The United States Drug Administration (FDA) has also authorized the administration of the vaccine to individuals under the age of 18 considered to be at high risk of infection.

For those over 18, the vaccine will now be able to be administered differently: via an intradermal injection, between the upper layers of the skin, and no longer subcutaneous, deeper.

This new strategy should make it possible to use less product per injection and therefore “increase the total number of doses available up to five times”, declared the FDA in a press release.

Two injections at a four-week gap will still be needed.

The agency said it was relying on data from a 2015 clinical trial that showed the immune response was similar in people who had an injection under -cutaneous, compared to those who received a fifth of the dose intradermally.

At present, some 620,000 doses of the vaccine manufactured by Bavarian Nordic (marketed as Jynneos in the United States) have been distributed to various US states.

Some 440,000 more doses are still due. be distributed and could therefore allow up to 2.2 million injections under the new strategy.

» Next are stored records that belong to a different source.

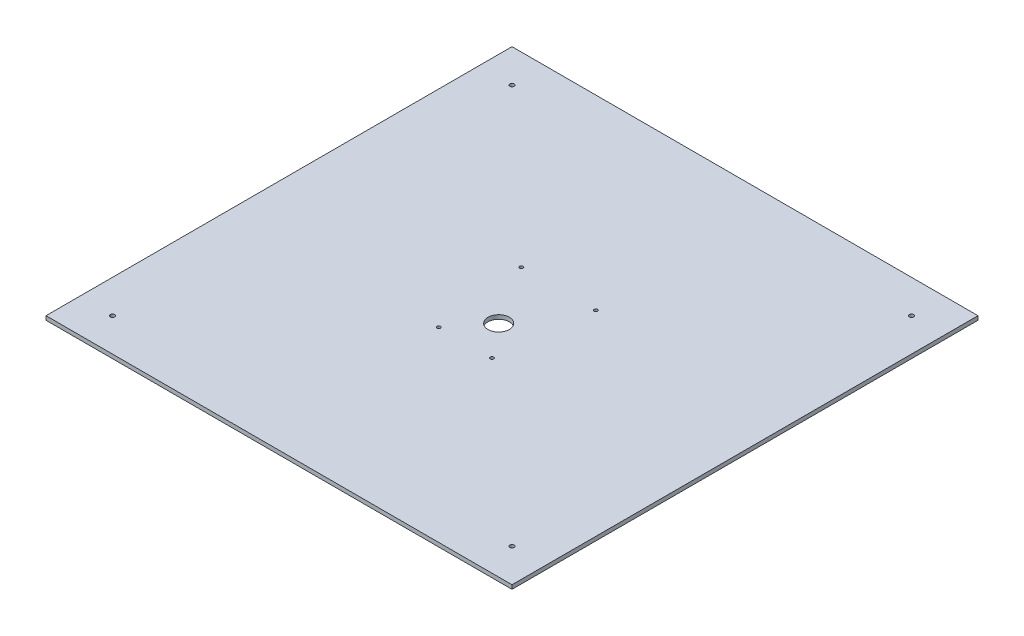
ISO-10303-21;
HEADER;
FILE_DESCRIPTION(('STEP AP214'),'2;1');
FILE_NAME('part.step','',(''),(''),'','','');
FILE_SCHEMA(('AUTOMOTIVE_DESIGN { 1 0 10303 214 1 1 1 1 }'));
ENDSEC;
DATA;
#1=APPLICATION_CONTEXT('core data for automotive mechanical design processes');
#2=APPLICATION_PROTOCOL_DEFINITION('international standard','automotive_design',2000,#1);
#3=PRODUCT_CONTEXT('',#1,'mechanical');
#4=PRODUCT('Part','Part','',(#3));
#5=PRODUCT_RELATED_PRODUCT_CATEGORY('part','',(#4));
#6=PRODUCT_DEFINITION_FORMATION('','',#4);
#7=PRODUCT_DEFINITION_CONTEXT('part definition',#1,'design');
#8=PRODUCT_DEFINITION('design','',#6,#7);
#9=PRODUCT_DEFINITION_SHAPE('','',#8);
#10=(LENGTH_UNIT() NAMED_UNIT(*) SI_UNIT(.MILLI.,.METRE.));
#11=(NAMED_UNIT(*) PLANE_ANGLE_UNIT() SI_UNIT($,.RADIAN.));
#12=(NAMED_UNIT(*) SI_UNIT($,.STERADIAN.) SOLID_ANGLE_UNIT());
#13=UNCERTAINTY_MEASURE_WITH_UNIT(LENGTH_MEASURE(1.E-05),#10,'distance_accuracy_value','');
#14=(GEOMETRIC_REPRESENTATION_CONTEXT(3) GLOBAL_UNCERTAINTY_ASSIGNED_CONTEXT((#13)) GLOBAL_UNIT_ASSIGNED_CONTEXT((#10,
#11,#12)) REPRESENTATION_CONTEXT('',''));
#15=CARTESIAN_POINT('',(0.,0.,0.));
#16=DIRECTION('',(0.,0.,1.));
#17=DIRECTION('',(1.,0.,0.));
#18=AXIS2_PLACEMENT_3D('',#15,#16,#17);
#19=CARTESIAN_POINT('',(0.,3.,0.));
#20=DIRECTION('',(0.,-1.,0.));
#21=DIRECTION('',(0.,0.,-1.));
#22=AXIS2_PLACEMENT_3D('',#19,#20,#21);
#23=PLANE('',#22);
#24=CARTESIAN_POINT('',(20.,3.,35.));
#25=DIRECTION('',(0.,1.,0.));
#26=DIRECTION('',(0.,0.,1.));
#27=AXIS2_PLACEMENT_3D('',#24,#25,#26);
#28=CIRCLE('',#27,1.3);
#29=CARTESIAN_POINT('',(20.,3.,36.3));
#30=VERTEX_POINT('',#29);
#31=EDGE_CURVE('E324',#30,#30,#28,.T.);
#32=ORIENTED_EDGE('',*,*,#31,.F.);
#33=EDGE_LOOP('',(#32));
#34=FACE_BOUND('',#33,.T.);
#35=CARTESIAN_POINT('',(-20.,3.,35.));
#36=DIRECTION('',(0.,1.,0.));
#37=DIRECTION('',(0.,0.,1.));
#38=AXIS2_PLACEMENT_3D('',#35,#36,#37);
#39=CIRCLE('',#38,1.3);
#40=CARTESIAN_POINT('',(-20.,3.,36.3));
#41=VERTEX_POINT('',#40);
#42=EDGE_CURVE('E327',#41,#41,#39,.T.);
#43=ORIENTED_EDGE('',*,*,#42,.F.);
#44=EDGE_LOOP('',(#43));
#45=FACE_BOUND('',#44,.T.);
#46=CARTESIAN_POINT('',(28.,3.,-35.));
#47=DIRECTION('',(0.,1.,0.));
#48=DIRECTION('',(0.,0.,1.));
#49=AXIS2_PLACEMENT_3D('',#46,#47,#48);
#50=CIRCLE('',#49,1.3);
#51=CARTESIAN_POINT('',(28.,3.,-33.7));
#52=VERTEX_POINT('',#51);
#53=EDGE_CURVE('E339',#52,#52,#50,.T.);
#54=ORIENTED_EDGE('',*,*,#53,.F.);
#55=EDGE_LOOP('',(#54));
#56=FACE_BOUND('',#55,.T.);
#57=CARTESIAN_POINT('',(-28.,3.,-35.));
#58=DIRECTION('',(0.,1.,0.));
#59=DIRECTION('',(0.,0.,1.));
#60=AXIS2_PLACEMENT_3D('',#57,#58,#59);
#61=CIRCLE('',#60,1.3);
#62=CARTESIAN_POINT('',(-28.,3.,-33.7));
#63=VERTEX_POINT('',#62);
#64=EDGE_CURVE('E346',#63,#63,#61,.T.);
#65=ORIENTED_EDGE('',*,*,#64,.F.);
#66=EDGE_LOOP('',(#65));
#67=FACE_BOUND('',#66,.T.);
#68=CARTESIAN_POINT('',(0.,3.,10.));
#69=DIRECTION('',(0.,1.,0.));
#70=DIRECTION('',(0.,0.,1.));
#71=AXIS2_PLACEMENT_3D('',#68,#69,#70);
#72=CIRCLE('',#71,8.);
#73=CARTESIAN_POINT('',(0.,3.,18.));
#74=VERTEX_POINT('',#73);
#75=EDGE_CURVE('E134',#74,#74,#72,.T.);
#76=ORIENTED_EDGE('',*,*,#75,.F.);
#77=EDGE_LOOP('',(#76));
#78=FACE_BOUND('',#77,.T.);
#79=DIRECTION('',(0.,0.,-1.));
#80=VECTOR('',#79,1.);
#81=CARTESIAN_POINT('',(175.000000049266,3.,175.000000049266));
#82=LINE('',#81,#80);
#83=CARTESIAN_POINT('',(175.000000049266,3.,175.000000049266));
#84=VERTEX_POINT('',#83);
#85=CARTESIAN_POINT('',(175.000000049266,3.,-175.000000049266));
#86=VERTEX_POINT('',#85);
#87=EDGE_CURVE('E90',#84,#86,#82,.T.);
#88=ORIENTED_EDGE('',*,*,#87,.T.);
#89=DIRECTION('',(-1.,0.,0.));
#90=VECTOR('',#89,1.);
#91=CARTESIAN_POINT('',(-175.000000049266,3.,-175.000000049266));
#92=LINE('',#91,#90);
#93=CARTESIAN_POINT('',(-175.000000049266,3.,-175.000000049266));
#94=VERTEX_POINT('',#93);
#95=EDGE_CURVE('E85',#86,#94,#92,.T.);
#96=ORIENTED_EDGE('',*,*,#95,.T.);
#97=DIRECTION('',(0.,0.,1.));
#98=VECTOR('',#97,1.);
#99=CARTESIAN_POINT('',(-175.000000049266,3.,175.000000049266));
#100=LINE('',#99,#98);
#101=CARTESIAN_POINT('',(-175.000000049266,3.,175.000000049266));
#102=VERTEX_POINT('',#101);
#103=EDGE_CURVE('E88',#94,#102,#100,.T.);
#104=ORIENTED_EDGE('',*,*,#103,.T.);
#105=DIRECTION('',(1.,0.,0.));
#106=VECTOR('',#105,1.);
#107=CARTESIAN_POINT('',(-175.000000049266,3.,175.000000049266));
#108=LINE('',#107,#106);
#109=EDGE_CURVE('E55',#102,#84,#108,.T.);
#110=ORIENTED_EDGE('',*,*,#109,.T.);
#111=EDGE_LOOP('',(#88,#96,#104,#110));
#112=FACE_BOUND('',#111,.T.);
#113=CARTESIAN_POINT('',(-150.,3.,-150.));
#114=DIRECTION('',(0.,1.,0.));
#115=DIRECTION('',(0.,0.,1.));
#116=AXIS2_PLACEMENT_3D('',#113,#114,#115);
#117=CIRCLE('',#116,1.59999999999999);
#118=CARTESIAN_POINT('',(-150.,3.,-148.4));
#119=VERTEX_POINT('',#118);
#120=EDGE_CURVE('E116',#119,#119,#117,.T.);
#121=ORIENTED_EDGE('',*,*,#120,.F.);
#122=EDGE_LOOP('',(#121));
#123=FACE_BOUND('',#122,.T.);
#124=CARTESIAN_POINT('',(-150.,3.,150.));
#125=DIRECTION('',(0.,1.,0.));
#126=DIRECTION('',(0.,0.,1.));
#127=AXIS2_PLACEMENT_3D('',#124,#125,#126);
#128=CIRCLE('',#127,1.59999999999999);
#129=CARTESIAN_POINT('',(-150.,3.,151.6));
#130=VERTEX_POINT('',#129);
#131=EDGE_CURVE('E126',#130,#130,#128,.T.);
#132=ORIENTED_EDGE('',*,*,#131,.F.);
#133=EDGE_LOOP('',(#132));
#134=FACE_BOUND('',#133,.T.);
#135=CARTESIAN_POINT('',(150.,3.,150.));
#136=DIRECTION('',(0.,1.,0.));
#137=DIRECTION('',(0.,0.,1.));
#138=AXIS2_PLACEMENT_3D('',#135,#136,#137);
#139=CIRCLE('',#138,1.59999999999999);
#140=CARTESIAN_POINT('',(150.,3.,151.6));
#141=VERTEX_POINT('',#140);
#142=EDGE_CURVE('E151',#141,#141,#139,.T.);
#143=ORIENTED_EDGE('',*,*,#142,.F.);
#144=EDGE_LOOP('',(#143));
#145=FACE_BOUND('',#144,.T.);
#146=CARTESIAN_POINT('',(150.,3.,-150.));
#147=DIRECTION('',(0.,1.,0.));
#148=DIRECTION('',(0.,0.,1.));
#149=AXIS2_PLACEMENT_3D('',#146,#147,#148);
#150=CIRCLE('',#149,1.59999999999999);
#151=CARTESIAN_POINT('',(150.,3.,-148.4));
#152=VERTEX_POINT('',#151);
#153=EDGE_CURVE('E142',#152,#152,#150,.T.);
#154=ORIENTED_EDGE('',*,*,#153,.F.);
#155=EDGE_LOOP('',(#154));
#156=FACE_BOUND('',#155,.T.);
#157=ADVANCED_FACE('F38',(#34,#45,#56,#67,#78,#112,#123,#134,#145,#156),#23,.F.);
#158=CARTESIAN_POINT('',(0.,0.,0.));
#159=DIRECTION('',(0.,-1.,0.));
#160=DIRECTION('',(0.,0.,-1.));
#161=AXIS2_PLACEMENT_3D('',#158,#159,#160);
#162=PLANE('',#161);
#163=CARTESIAN_POINT('',(20.,0.,35.));
#164=DIRECTION('',(0.,1.,0.));
#165=DIRECTION('',(0.,0.,1.));
#166=AXIS2_PLACEMENT_3D('',#163,#164,#165);
#167=CIRCLE('',#166,1.3);
#168=CARTESIAN_POINT('',(20.,0.,36.3));
#169=VERTEX_POINT('',#168);
#170=EDGE_CURVE('E322',#169,#169,#167,.T.);
#171=ORIENTED_EDGE('',*,*,#170,.T.);
#172=EDGE_LOOP('',(#171));
#173=FACE_BOUND('',#172,.T.);
#174=CARTESIAN_POINT('',(-20.,0.,35.));
#175=DIRECTION('',(0.,1.,0.));
#176=DIRECTION('',(0.,0.,1.));
#177=AXIS2_PLACEMENT_3D('',#174,#175,#176);
#178=CIRCLE('',#177,1.3);
#179=CARTESIAN_POINT('',(-20.,0.,36.3));
#180=VERTEX_POINT('',#179);
#181=EDGE_CURVE('E337',#180,#180,#178,.T.);
#182=ORIENTED_EDGE('',*,*,#181,.T.);
#183=EDGE_LOOP('',(#182));
#184=FACE_BOUND('',#183,.T.);
#185=CARTESIAN_POINT('',(28.,0.,-35.));
#186=DIRECTION('',(0.,1.,0.));
#187=DIRECTION('',(0.,0.,1.));
#188=AXIS2_PLACEMENT_3D('',#185,#186,#187);
#189=CIRCLE('',#188,1.3);
#190=CARTESIAN_POINT('',(28.,0.,-33.7));
#191=VERTEX_POINT('',#190);
#192=EDGE_CURVE('E344',#191,#191,#189,.T.);
#193=ORIENTED_EDGE('',*,*,#192,.T.);
#194=EDGE_LOOP('',(#193));
#195=FACE_BOUND('',#194,.T.);
#196=CARTESIAN_POINT('',(-28.,0.,-35.));
#197=DIRECTION('',(0.,1.,0.));
#198=DIRECTION('',(0.,0.,1.));
#199=AXIS2_PLACEMENT_3D('',#196,#197,#198);
#200=CIRCLE('',#199,1.3);
#201=CARTESIAN_POINT('',(-28.,0.,-33.7));
#202=VERTEX_POINT('',#201);
#203=EDGE_CURVE('E140',#202,#202,#200,.T.);
#204=ORIENTED_EDGE('',*,*,#203,.T.);
#205=EDGE_LOOP('',(#204));
#206=FACE_BOUND('',#205,.T.);
#207=CARTESIAN_POINT('',(0.,0.,10.));
#208=DIRECTION('',(0.,1.,0.));
#209=DIRECTION('',(0.,0.,1.));
#210=AXIS2_PLACEMENT_3D('',#207,#208,#209);
#211=CIRCLE('',#210,8.);
#212=CARTESIAN_POINT('',(0.,0.,18.));
#213=VERTEX_POINT('',#212);
#214=EDGE_CURVE('E139',#213,#213,#211,.T.);
#215=ORIENTED_EDGE('',*,*,#214,.T.);
#216=EDGE_LOOP('',(#215));
#217=FACE_BOUND('',#216,.T.);
#218=CARTESIAN_POINT('',(150.,0.,150.));
#219=DIRECTION('',(0.,1.,0.));
#220=DIRECTION('',(0.,0.,1.));
#221=AXIS2_PLACEMENT_3D('',#218,#219,#220);
#222=CIRCLE('',#221,1.59999999999999);
#223=CARTESIAN_POINT('',(150.,0.,151.6));
#224=VERTEX_POINT('',#223);
#225=EDGE_CURVE('E147',#224,#224,#222,.T.);
#226=ORIENTED_EDGE('',*,*,#225,.T.);
#227=EDGE_LOOP('',(#226));
#228=FACE_BOUND('',#227,.T.);
#229=CARTESIAN_POINT('',(-150.,0.,-150.));
#230=DIRECTION('',(0.,1.,0.));
#231=DIRECTION('',(0.,0.,1.));
#232=AXIS2_PLACEMENT_3D('',#229,#230,#231);
#233=CIRCLE('',#232,1.59999999999999);
#234=CARTESIAN_POINT('',(-150.,0.,-148.4));
#235=VERTEX_POINT('',#234);
#236=EDGE_CURVE('E123',#235,#235,#233,.T.);
#237=ORIENTED_EDGE('',*,*,#236,.T.);
#238=EDGE_LOOP('',(#237));
#239=FACE_BOUND('',#238,.T.);
#240=DIRECTION('',(0.,0.,-1.));
#241=VECTOR('',#240,1.);
#242=CARTESIAN_POINT('',(175.000000049266,0.,175.000000049266));
#243=LINE('',#242,#241);
#244=CARTESIAN_POINT('',(175.000000049266,0.,175.000000049266));
#245=VERTEX_POINT('',#244);
#246=CARTESIAN_POINT('',(175.000000049266,0.,-175.000000049266));
#247=VERTEX_POINT('',#246);
#248=EDGE_CURVE('E122',#245,#247,#243,.T.);
#249=ORIENTED_EDGE('',*,*,#248,.F.);
#250=DIRECTION('',(1.,0.,0.));
#251=VECTOR('',#250,1.);
#252=CARTESIAN_POINT('',(-175.000000049266,0.,175.000000049266));
#253=LINE('',#252,#251);
#254=CARTESIAN_POINT('',(-175.000000049266,0.,175.000000049266));
#255=VERTEX_POINT('',#254);
#256=EDGE_CURVE('E78',#255,#245,#253,.T.);
#257=ORIENTED_EDGE('',*,*,#256,.F.);
#258=DIRECTION('',(0.,0.,1.));
#259=VECTOR('',#258,1.);
#260=CARTESIAN_POINT('',(-175.000000049266,0.,175.000000049266));
#261=LINE('',#260,#259);
#262=CARTESIAN_POINT('',(-175.000000049266,0.,-175.000000049266));
#263=VERTEX_POINT('',#262);
#264=EDGE_CURVE('E72',#263,#255,#261,.T.);
#265=ORIENTED_EDGE('',*,*,#264,.F.);
#266=DIRECTION('',(-1.,0.,0.));
#267=VECTOR('',#266,1.);
#268=CARTESIAN_POINT('',(-175.000000049266,0.,-175.000000049266));
#269=LINE('',#268,#267);
#270=EDGE_CURVE('E95',#247,#263,#269,.T.);
#271=ORIENTED_EDGE('',*,*,#270,.F.);
#272=EDGE_LOOP('',(#249,#257,#265,#271));
#273=FACE_BOUND('',#272,.T.);
#274=CARTESIAN_POINT('',(-150.,0.,150.));
#275=DIRECTION('',(0.,1.,0.));
#276=DIRECTION('',(0.,0.,1.));
#277=AXIS2_PLACEMENT_3D('',#274,#275,#276);
#278=CIRCLE('',#277,1.59999999999999);
#279=CARTESIAN_POINT('',(-150.,0.,151.6));
#280=VERTEX_POINT('',#279);
#281=EDGE_CURVE('E124',#280,#280,#278,.T.);
#282=ORIENTED_EDGE('',*,*,#281,.T.);
#283=EDGE_LOOP('',(#282));
#284=FACE_BOUND('',#283,.T.);
#285=CARTESIAN_POINT('',(150.,0.,-150.));
#286=DIRECTION('',(0.,1.,0.));
#287=DIRECTION('',(0.,0.,1.));
#288=AXIS2_PLACEMENT_3D('',#285,#286,#287);
#289=CIRCLE('',#288,1.59999999999999);
#290=CARTESIAN_POINT('',(150.,0.,-148.4));
#291=VERTEX_POINT('',#290);
#292=EDGE_CURVE('E148',#291,#291,#289,.T.);
#293=ORIENTED_EDGE('',*,*,#292,.T.);
#294=EDGE_LOOP('',(#293));
#295=FACE_BOUND('',#294,.T.);
#296=ADVANCED_FACE('F165',(#173,#184,#195,#206,#217,#228,#239,#273,#284,#295),#162,.T.);
#297=CARTESIAN_POINT('',(175.000000049266,3.,175.000000049266));
#298=DIRECTION('',(-1.,0.,0.));
#299=DIRECTION('',(0.,0.,1.));
#300=AXIS2_PLACEMENT_3D('',#297,#298,#299);
#301=PLANE('',#300);
#302=ORIENTED_EDGE('',*,*,#248,.T.);
#303=DIRECTION('',(0.,-1.,0.));
#304=VECTOR('',#303,1.);
#305=CARTESIAN_POINT('',(175.000000049266,3.,-175.000000049266));
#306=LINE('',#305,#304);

The government has also ordered an additional 5 million doses, which will start arriving from September until 2023, and therefore have the potential to supply 25 million doses.

The decisions announced on Tuesday were allowed by an emergency use authorization granted to the vaccine by the FDA — which itself follows the declaration of a public health emergency in the country last week in the face of the epidemic.

For the authorization in minors, the FDA pointed out that it reviewed the safety data for this vaccine, as well as those for another vaccine given in children against smallpox.

“We We are very confident about the safety of this approach,” said Peter Marks of the FDA at a press conference, justifying this decision by a recent increase in the number of children who have potentially been exposed to infected people. /p>

The United States currently records nearly 9,00 0 cases of monkeypox, including a fifth in New York State alone. The vast majority of cases involve men who have sex with men.